| Exercise |
What lines in the records include the string "Reference"? Return each one.

[Data extracted from a collection]
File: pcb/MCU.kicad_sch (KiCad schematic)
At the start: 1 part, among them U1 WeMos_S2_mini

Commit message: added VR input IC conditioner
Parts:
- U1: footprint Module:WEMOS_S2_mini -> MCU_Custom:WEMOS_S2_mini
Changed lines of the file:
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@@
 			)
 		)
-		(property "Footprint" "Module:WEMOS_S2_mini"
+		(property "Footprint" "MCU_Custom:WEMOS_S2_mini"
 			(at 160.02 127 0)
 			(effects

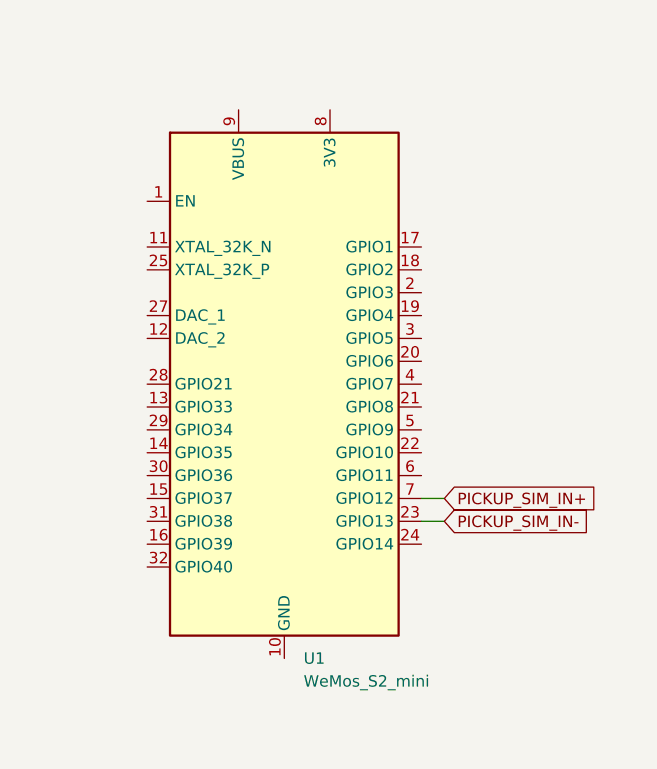
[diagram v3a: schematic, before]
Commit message: added SSR
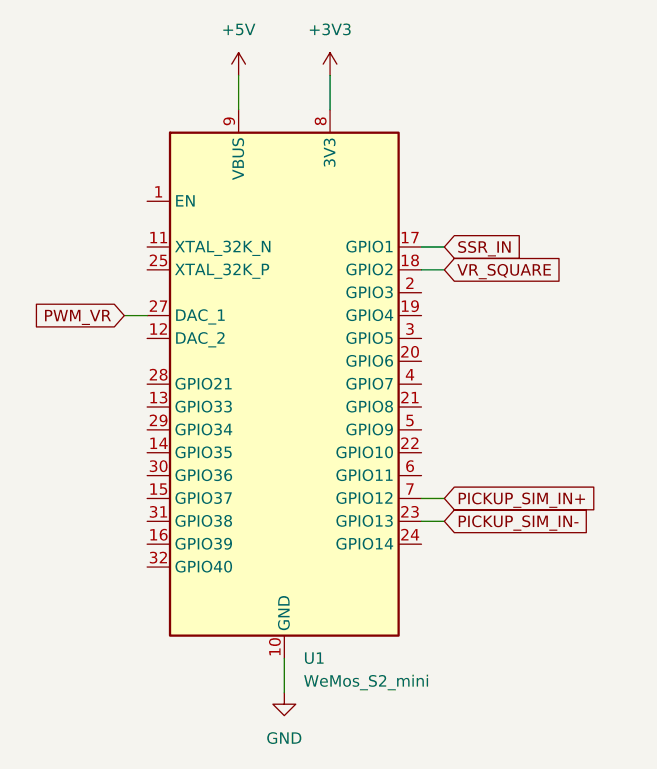
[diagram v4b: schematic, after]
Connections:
- net GND: now reaches U1.10 (GND), U1.26 (GND)
- net SSR_IN: now reaches U1.17 (GPIO1)
- net VR_SQUARE: now reaches U1.18 (GPIO2)
- net PWM_VR: now reaches U1.27 (DAC_1)
- net +3V3: now reaches U1.8 (3V3)
- net +5V: now reaches U1.9 (VBUS)

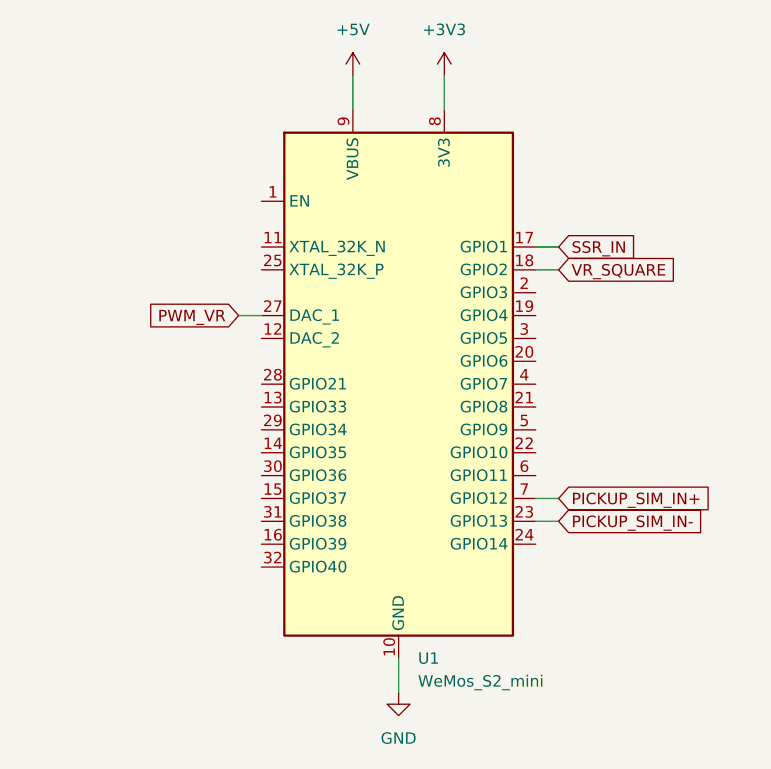
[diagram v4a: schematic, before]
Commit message: added batteryless function
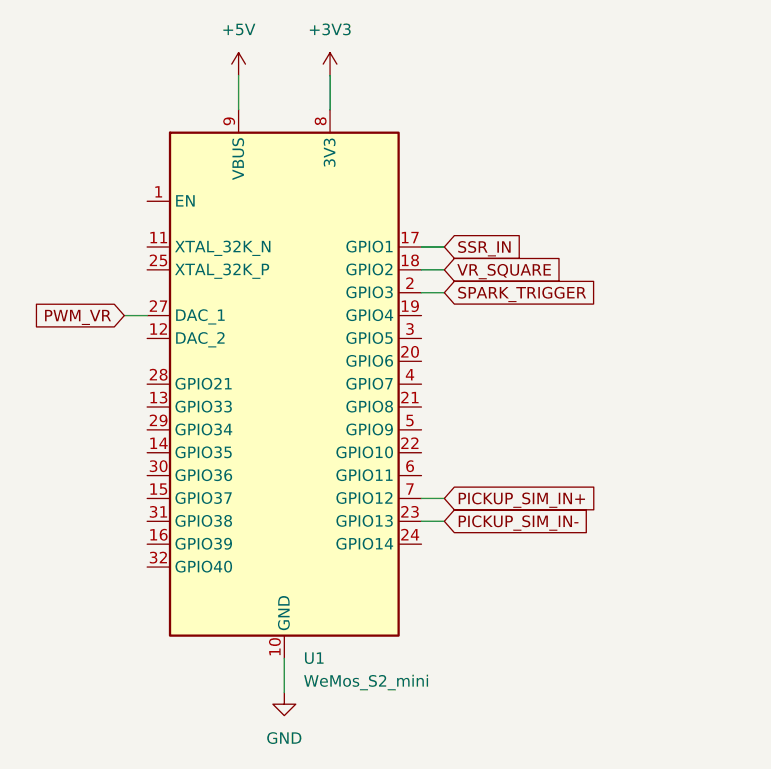
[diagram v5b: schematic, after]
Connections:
- net SPARK_TRIGGER: now reaches U1.2 (GPIO3)
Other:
- moved on the sheet: U1
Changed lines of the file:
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@@
 	(wire
 		(pts
-			(xy 154.94 46.99) (xy 154.94 50.8)
-		)
-		(stroke
-			(width 0)
-			(type default)
-		)
-	)
-	(wire
-		(pts
-			(xy 177.8 66.04) (xy 175.26 66.04)
-		)
-		(stroke
-			(width 0)
-			(type default)
-		)
-	)
-	(wire
-		(pts
-			(xy 160.02 115.57) (xy 160.02 111.76)
-		)
-		(stroke
-			(width 0)
-			(type default)
-		)
-	)
-	(wire
-		(pts
-			(xy 177.8 68.58) (xy 175.26 68.58)
-		)
-		(stroke
-			(width 0)
-			(type default)
-		)
-	)
-	(wire
-		(pts
-			(xy 165.1 46.99) (xy 165.1 50.8)
-		)
-		(stroke
-			(width 0)
-			(type default)
-		)
-	)
-	(wire
-		(pts
-			(xy 177.8 96.52) (xy 175.26 96.52)
-		)
-		(stroke
-			(width 0)
-			(type default)
-		)
-	)
-	(wire
-		(pts
-			(xy 177.8 93.98) (xy 175.26 93.98)
-		)
-		(stroke
-			(width 0)
-			(type default)
-		)
-	)
-	(wire
-		(pts
-			(xy 142.24 73.66) (xy 144.78 73.66)
-		)
-		(stroke
-			(width 0)
-			(type default)
-		)
-	)
-	(global_label "VR_SQUARE"
+			(xy 142.24 46.99) (xy 142.24 50.8)
+		)
+		(stroke
+			(width 0)
+			(type default)
+		)
+	)
+	(wire
+		(pts
+			(xy 165.1 71.12) (xy 162.56 71.12)
+		)
+		(stroke
+			(width 0)
+			(type default)
+		)
+	)
+	(wire
+		(pts
+			(xy 165.1 66.04) (xy 162.56 66.04)
+		)
+		(stroke
+			(width 0)
+			(type default)
+		)
+	)
+	(wire
+		(pts
+			(xy 147.32 115.57) (xy 147.32 111.76)
+		)
+		(stroke
+			(width 0)
+			(type default)
+		)
+	)
+	(wire
+		(pts
+			(xy 165.1 68.58) (xy 162.56 68.58)
+		)
+		(stroke
+			(width 0)
+			(type default)
+		)
+	)
+	(wire
+		(pts
+			(xy 152.4 46.99) (xy 152.4 50.8)
+		)
+		(stroke
+			(width 0)
+			(type default)
+		)
+	)
+	(wire
+		(pts
+			(xy 165.1 96.52) (xy 162.56 96.52)
+		)
+		(stroke
+			(width 0)
+			(type default)
+		)
+	)
+	(wire
+		(pts
+			(xy 165.1 93.98) (xy 162.56 93.98)
+		)
+		(stroke
+			(width 0)
+			(type default)
+		)
+	)
+	(wire
+		(pts
+			(xy 129.54 73.66) (xy 132.08 73.66)
+		)
+		(stroke
+			(width 0)
+			(type default)
+		)
+	)
+	(global_label "SPARK_TRIGGER"
 		(shape input)
-		(at 177.8 68.58 0)
+		(at 165.1 71.12 0)
 		(fields_autoplaced yes)
 		(effects
@@
 		)
 		(property "Intersheetrefs" "${INTERSHEET_REFS}"
-			(at 191.4895 68.58 0)
-			(effects
-				(font
-					(size 1.27 1.27)
-				)
-				(justify left)
-				(hide yes)
-			)
-		)
-	)
-	(global_label "PICKUP_SIM_IN+"
+			(at 182.9623 71.12 0)
+			(effects
+				(font
+					(size 1.27 1.27)
+				)
+				(justify left)
+				(hide yes)
+			)
+		)
+	)
+	(global_label "VR_SQUARE"
 		(shape input)
-		(at 177.8 93.98 0)
+		(at 165.1 68.58 0)
 		(fields_autoplaced yes)
 		(effects
@@
 		)
 		(property "Intersheetrefs" "${INTERSHEET_REFS}"
-			(at 196.5091 93.98 0)
-			(effects
-				(font
-					(size 1.27 1.27)
-				)
-				(justify left)
-				(hide yes)
-			)
-		)
-	)
-	(global_label "PICKUP_SIM_IN-"
+			(at 178.7895 68.58 0)
+			(effects
+				(font
+					(size 1.27 1.27)
+				)
+				(justify left)
+				(hide yes)
+			)
+		)
+	)
+	(global_label "PICKUP_SIM_IN+"
 		(shape input)
-		(at 177.8 96.52 0)
+		(at 165.1 93.98 0)
 		(fields_autoplaced yes)
 		(effects
@@
 		)
 		(property "Intersheetrefs" "${INTERSHEET_REFS}"
-			(at 196.5091 96.52 0)
-			(effects
-				(font
-					(size 1.27 1.27)
-				)
-				(justify left)
-				(hide yes)
-			)
-		)
-	)
-	(global_label "SSR_IN"
+			(at 183.8091 93.98 0)
+			(effects
+				(font
+					(size 1.27 1.27)
+				)
+				(justify left)
+				(hide yes)
+			)
+		)
+	)
+	(global_label "PICKUP_SIM_IN-"
 		(shape input)
-		(at 177.8 66.04 0)
+		(at 165.1 96.52 0)
 		(fields_autoplaced yes)
 		(effects
@@
 		)
 		(property "Intersheetrefs" "${INTERSHEET_REFS}"
-			(at 187.3771 66.04 0)
-			(effects
-				(font
-					(size 1.27 1.27)
-				)
-				(justify left)
-				(hide yes)
-			)
-		)
-	)
-	(global_label "PWM_VR"
+			(at 183.8091 96.52 0)
+			(effects
+				(font
+					(size 1.27 1.27)
+				)
+				(justify left)
+				(hide yes)
+			)
+		)
+	)
+	(global_label "SSR_IN"
 		(shape input)
-		(at 142.24 73.66 180)
+		(at 165.1 66.04 0)
 		(fields_autoplaced yes)
 		(effects
@@
 				(size 1.27 1.27)
 			)
+			(justify left)
+		)
+		(property "Intersheetrefs" "${INTERSHEET_REFS}"
+			(at 174.6771 66.04 0)
+			(effects
+				(font
+					(size 1.27 1.27)
+				)
+				(justify left)
+				(hide yes)
+			)
+		)
+	)
+	(global_label "PWM_VR"
+		(shape input)
+		(at 129.54 73.66 180)
+		(fields_autoplaced yes)
+		(effects
+			(font
+				(size 1.27 1.27)
+			)
 			(justify right)
 		)
 		(property "Intersheetrefs" "${INTERSHEET_REFS}"
-			(at 131.7558 73.66 0)
+			(at 119.0558 73.66 0)
 			(effects
 				(font
@@
 	(symbol
 		(lib_id "power:+5V")
-		(at 154.94 46.99 0)
+		(at 142.24 46.99 0)
 		(unit 1)
 		(exclude_from_sim no)
@@
 		(fields_autoplaced yes)
 		(property "Reference" "#PWR08"
-			(at 154.94 50.8 0)
+			(at 142.24 50.8 0)
 			(effects
 				(font
@@
 		)
 		(property "Value" "+5V"
-			(at 154.94 41.91 0)
+			(at 142.24 41.91 0)
 			(effects
 				(font
@@
 		)
 		(property "Footprint" ""
-			(at 154.94 46.99 0)
+			(at 142.24 46.99 0)
 			(effects
 				(font
@@
 		)
 		(property "Datasheet" ""
-			(at 154.94 46.99 0)
+			(at 142.24 46.99 0)
 			(effects
 				(font
@@
 		)
 		(property "Description" "Power symbol creates a global label with name \"+5V\""
-			(at 154.94 46.99 0)
+			(at 142.24 46.99 0)
 			(effects
 				(font
@@
 	(symbol
 		(lib_id "power:+3V3")
-		(at 165.1 46.99 0)
+		(at 152.4 46.99 0)
 		(unit 1)
 		(exclude_from_sim no)
@@
 		(fields_autoplaced yes)
 		(property "Reference" "#PWR07"
-			(at 165.1 50.8 0)
+			(at 152.4 50.8 0)
 			(effects
 				(font
@@
 		)
 		(property "Value" "+3V3"
-			(at 165.1 41.91 0)
+			(at 152.4 41.91 0)
 			(effects
 				(font
@@
 		)
 		(property "Footprint" ""
-			(at 165.1 46.99 0)
+			(at 152.4 46.99 0)
 			(effects
 				(font
@@
 		)
 		(property "Datasheet" ""
-			(at 165.1 46.99 0)
+			(at 152.4 46.99 0)
 			(effects
 				(font
@@
 		)
 		(property "Description" "Power symbol creates a global label with name \"+3V3\""
-			(at 165.1 46.99 0)
+			(at 152.4 46.99 0)
 			(effects
 				(font
@@
 	(symbol
 		(lib_id "MCU_Custom:WeMos_S2_mini")
-		(at 160.02 81.28 0)
+		(at 147.32 81.28 0)
 		(unit 1)
 		(exclude_from_sim no)
@@
 		(fields_autoplaced yes)
 		(property "Reference" "U1"
-			(at 162.1633 111.76 0)
+			(at 149.4633 111.76 0)
 			(effects
 				(font
@@
 		)
 		(property "Value" "WeMos_S2_mini"
-			(at 162.1633 114.3 0)
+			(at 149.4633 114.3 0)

| Output of the task |
 		(property "Reference" "#PWR08"
 		(property "Reference" "#PWR07"
 		(property "Reference" "U1"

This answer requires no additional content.